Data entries
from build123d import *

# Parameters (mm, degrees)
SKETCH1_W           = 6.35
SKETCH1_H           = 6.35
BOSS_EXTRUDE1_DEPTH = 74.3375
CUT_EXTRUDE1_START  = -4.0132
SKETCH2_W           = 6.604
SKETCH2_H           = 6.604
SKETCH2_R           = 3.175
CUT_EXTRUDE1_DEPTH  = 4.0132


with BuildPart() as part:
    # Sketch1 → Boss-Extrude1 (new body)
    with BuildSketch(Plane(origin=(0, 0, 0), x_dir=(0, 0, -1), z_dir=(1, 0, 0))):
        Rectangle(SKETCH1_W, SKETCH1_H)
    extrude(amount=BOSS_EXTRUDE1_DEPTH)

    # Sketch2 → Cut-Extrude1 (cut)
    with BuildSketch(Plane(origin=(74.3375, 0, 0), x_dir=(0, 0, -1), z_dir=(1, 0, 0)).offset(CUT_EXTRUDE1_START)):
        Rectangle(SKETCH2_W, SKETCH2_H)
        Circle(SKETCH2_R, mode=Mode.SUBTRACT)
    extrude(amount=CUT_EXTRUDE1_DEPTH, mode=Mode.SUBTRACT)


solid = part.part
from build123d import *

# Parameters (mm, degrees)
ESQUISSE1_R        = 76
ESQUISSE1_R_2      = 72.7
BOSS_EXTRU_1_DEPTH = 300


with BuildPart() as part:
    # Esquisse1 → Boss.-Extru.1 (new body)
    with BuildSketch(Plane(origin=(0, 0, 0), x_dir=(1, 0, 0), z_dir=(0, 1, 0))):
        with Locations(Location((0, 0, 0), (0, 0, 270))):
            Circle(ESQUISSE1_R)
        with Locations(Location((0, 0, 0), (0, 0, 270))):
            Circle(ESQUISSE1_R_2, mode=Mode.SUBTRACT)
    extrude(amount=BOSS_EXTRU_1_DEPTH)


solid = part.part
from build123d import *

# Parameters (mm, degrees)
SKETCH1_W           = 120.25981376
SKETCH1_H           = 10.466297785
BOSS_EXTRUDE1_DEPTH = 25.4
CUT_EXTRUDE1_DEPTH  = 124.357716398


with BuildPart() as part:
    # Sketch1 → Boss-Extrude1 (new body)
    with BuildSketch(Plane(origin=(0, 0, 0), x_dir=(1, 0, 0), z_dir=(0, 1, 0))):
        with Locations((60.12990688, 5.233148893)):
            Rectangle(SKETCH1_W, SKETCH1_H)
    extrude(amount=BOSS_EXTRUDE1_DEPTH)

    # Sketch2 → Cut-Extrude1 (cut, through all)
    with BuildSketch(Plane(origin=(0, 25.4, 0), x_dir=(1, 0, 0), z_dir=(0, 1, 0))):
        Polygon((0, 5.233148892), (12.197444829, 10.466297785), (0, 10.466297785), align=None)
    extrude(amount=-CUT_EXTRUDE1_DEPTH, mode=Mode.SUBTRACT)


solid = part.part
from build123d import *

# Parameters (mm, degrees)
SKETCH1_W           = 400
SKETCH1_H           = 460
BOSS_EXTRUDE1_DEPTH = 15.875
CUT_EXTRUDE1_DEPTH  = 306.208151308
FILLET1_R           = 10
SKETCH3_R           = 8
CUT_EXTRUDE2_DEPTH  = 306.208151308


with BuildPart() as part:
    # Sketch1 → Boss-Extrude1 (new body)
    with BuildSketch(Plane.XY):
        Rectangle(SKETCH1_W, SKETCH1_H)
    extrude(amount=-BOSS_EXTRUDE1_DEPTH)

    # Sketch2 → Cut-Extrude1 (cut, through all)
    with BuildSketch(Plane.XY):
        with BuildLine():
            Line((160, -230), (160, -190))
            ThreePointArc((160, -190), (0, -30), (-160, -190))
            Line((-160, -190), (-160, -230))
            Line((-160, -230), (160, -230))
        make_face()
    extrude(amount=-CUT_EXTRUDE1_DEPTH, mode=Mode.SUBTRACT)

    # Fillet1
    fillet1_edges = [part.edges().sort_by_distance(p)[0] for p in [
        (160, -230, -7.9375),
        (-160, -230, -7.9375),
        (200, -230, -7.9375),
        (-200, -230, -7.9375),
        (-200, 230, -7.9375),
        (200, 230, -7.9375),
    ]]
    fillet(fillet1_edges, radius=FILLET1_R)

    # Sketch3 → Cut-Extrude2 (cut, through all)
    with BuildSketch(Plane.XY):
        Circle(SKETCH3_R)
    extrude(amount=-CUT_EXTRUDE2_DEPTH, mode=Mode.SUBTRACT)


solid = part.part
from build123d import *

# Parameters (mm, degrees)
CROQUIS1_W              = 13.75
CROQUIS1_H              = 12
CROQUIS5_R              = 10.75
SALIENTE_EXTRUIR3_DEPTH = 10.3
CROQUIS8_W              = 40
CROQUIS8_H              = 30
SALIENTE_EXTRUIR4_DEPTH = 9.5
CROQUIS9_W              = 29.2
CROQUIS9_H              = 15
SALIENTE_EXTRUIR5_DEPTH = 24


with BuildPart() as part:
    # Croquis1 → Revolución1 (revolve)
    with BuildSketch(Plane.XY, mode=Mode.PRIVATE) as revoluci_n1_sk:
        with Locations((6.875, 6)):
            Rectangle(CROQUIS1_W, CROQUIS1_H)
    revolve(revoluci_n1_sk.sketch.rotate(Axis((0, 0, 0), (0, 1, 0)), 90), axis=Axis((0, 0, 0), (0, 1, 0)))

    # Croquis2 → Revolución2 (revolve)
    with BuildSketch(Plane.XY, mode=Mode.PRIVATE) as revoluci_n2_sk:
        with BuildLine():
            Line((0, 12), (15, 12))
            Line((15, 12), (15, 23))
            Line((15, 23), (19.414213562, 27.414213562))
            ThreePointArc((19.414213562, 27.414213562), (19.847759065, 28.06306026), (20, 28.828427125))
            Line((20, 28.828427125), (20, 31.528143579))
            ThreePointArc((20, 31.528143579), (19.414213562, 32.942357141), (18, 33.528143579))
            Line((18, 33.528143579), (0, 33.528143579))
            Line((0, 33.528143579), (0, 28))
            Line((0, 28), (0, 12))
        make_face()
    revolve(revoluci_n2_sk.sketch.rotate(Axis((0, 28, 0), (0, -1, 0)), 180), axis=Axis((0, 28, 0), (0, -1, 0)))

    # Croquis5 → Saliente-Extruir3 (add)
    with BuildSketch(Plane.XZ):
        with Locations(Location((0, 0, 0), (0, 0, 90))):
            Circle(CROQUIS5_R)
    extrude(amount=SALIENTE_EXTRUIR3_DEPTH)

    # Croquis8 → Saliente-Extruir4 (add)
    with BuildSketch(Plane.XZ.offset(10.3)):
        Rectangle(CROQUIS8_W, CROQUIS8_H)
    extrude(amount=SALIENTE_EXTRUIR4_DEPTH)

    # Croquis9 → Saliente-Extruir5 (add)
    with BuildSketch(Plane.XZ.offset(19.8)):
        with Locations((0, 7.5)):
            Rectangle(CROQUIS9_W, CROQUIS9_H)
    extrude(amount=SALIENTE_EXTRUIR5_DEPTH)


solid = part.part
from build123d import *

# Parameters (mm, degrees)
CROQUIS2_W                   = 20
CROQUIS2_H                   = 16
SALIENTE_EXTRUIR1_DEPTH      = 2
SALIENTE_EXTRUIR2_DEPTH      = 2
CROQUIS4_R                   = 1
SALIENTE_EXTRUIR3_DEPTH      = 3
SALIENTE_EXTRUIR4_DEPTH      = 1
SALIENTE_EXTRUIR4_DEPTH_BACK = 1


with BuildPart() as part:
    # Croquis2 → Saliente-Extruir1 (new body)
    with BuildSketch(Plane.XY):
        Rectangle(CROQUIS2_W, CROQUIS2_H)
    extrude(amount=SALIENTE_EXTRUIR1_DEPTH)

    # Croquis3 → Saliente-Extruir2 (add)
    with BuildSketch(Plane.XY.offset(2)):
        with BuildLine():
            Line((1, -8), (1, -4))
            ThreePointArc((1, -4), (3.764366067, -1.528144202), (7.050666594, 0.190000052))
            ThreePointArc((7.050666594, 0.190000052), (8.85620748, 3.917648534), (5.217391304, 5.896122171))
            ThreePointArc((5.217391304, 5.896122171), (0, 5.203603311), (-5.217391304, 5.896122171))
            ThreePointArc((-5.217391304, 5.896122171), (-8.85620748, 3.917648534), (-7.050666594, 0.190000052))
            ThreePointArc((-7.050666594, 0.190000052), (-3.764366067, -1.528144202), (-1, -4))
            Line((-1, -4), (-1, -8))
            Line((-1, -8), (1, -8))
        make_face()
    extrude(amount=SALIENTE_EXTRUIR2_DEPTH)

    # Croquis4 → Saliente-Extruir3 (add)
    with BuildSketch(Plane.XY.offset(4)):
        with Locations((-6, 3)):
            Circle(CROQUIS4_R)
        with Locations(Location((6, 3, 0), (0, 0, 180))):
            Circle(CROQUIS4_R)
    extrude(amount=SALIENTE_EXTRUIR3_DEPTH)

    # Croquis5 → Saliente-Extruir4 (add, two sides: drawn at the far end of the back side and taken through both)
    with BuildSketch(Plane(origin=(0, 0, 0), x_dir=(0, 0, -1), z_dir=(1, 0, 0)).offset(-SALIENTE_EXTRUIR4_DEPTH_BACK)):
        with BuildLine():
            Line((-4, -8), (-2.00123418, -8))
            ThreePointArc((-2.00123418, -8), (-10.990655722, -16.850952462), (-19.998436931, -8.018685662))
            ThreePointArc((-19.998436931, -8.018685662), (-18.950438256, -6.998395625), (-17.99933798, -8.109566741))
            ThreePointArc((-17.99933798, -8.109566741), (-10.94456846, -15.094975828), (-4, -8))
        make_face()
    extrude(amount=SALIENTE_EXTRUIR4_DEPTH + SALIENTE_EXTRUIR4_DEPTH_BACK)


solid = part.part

→ **Aim of the exercise**
Given the data above, which lines hold the string "rotate"? Return them.

→ **Expected output**
    revolve(revoluci_n1_sk.sketch.rotate(Axis((0, 0, 0), (0, 1, 0)), 90), axis=Axis((0, 0, 0), (0, 1, 0)))
    revolve(revoluci_n2_sk.sketch.rotate(Axis((0, 28, 0), (0, -1, 0)), 180), axis=Axis((0, 28, 0), (0, -1, 0)))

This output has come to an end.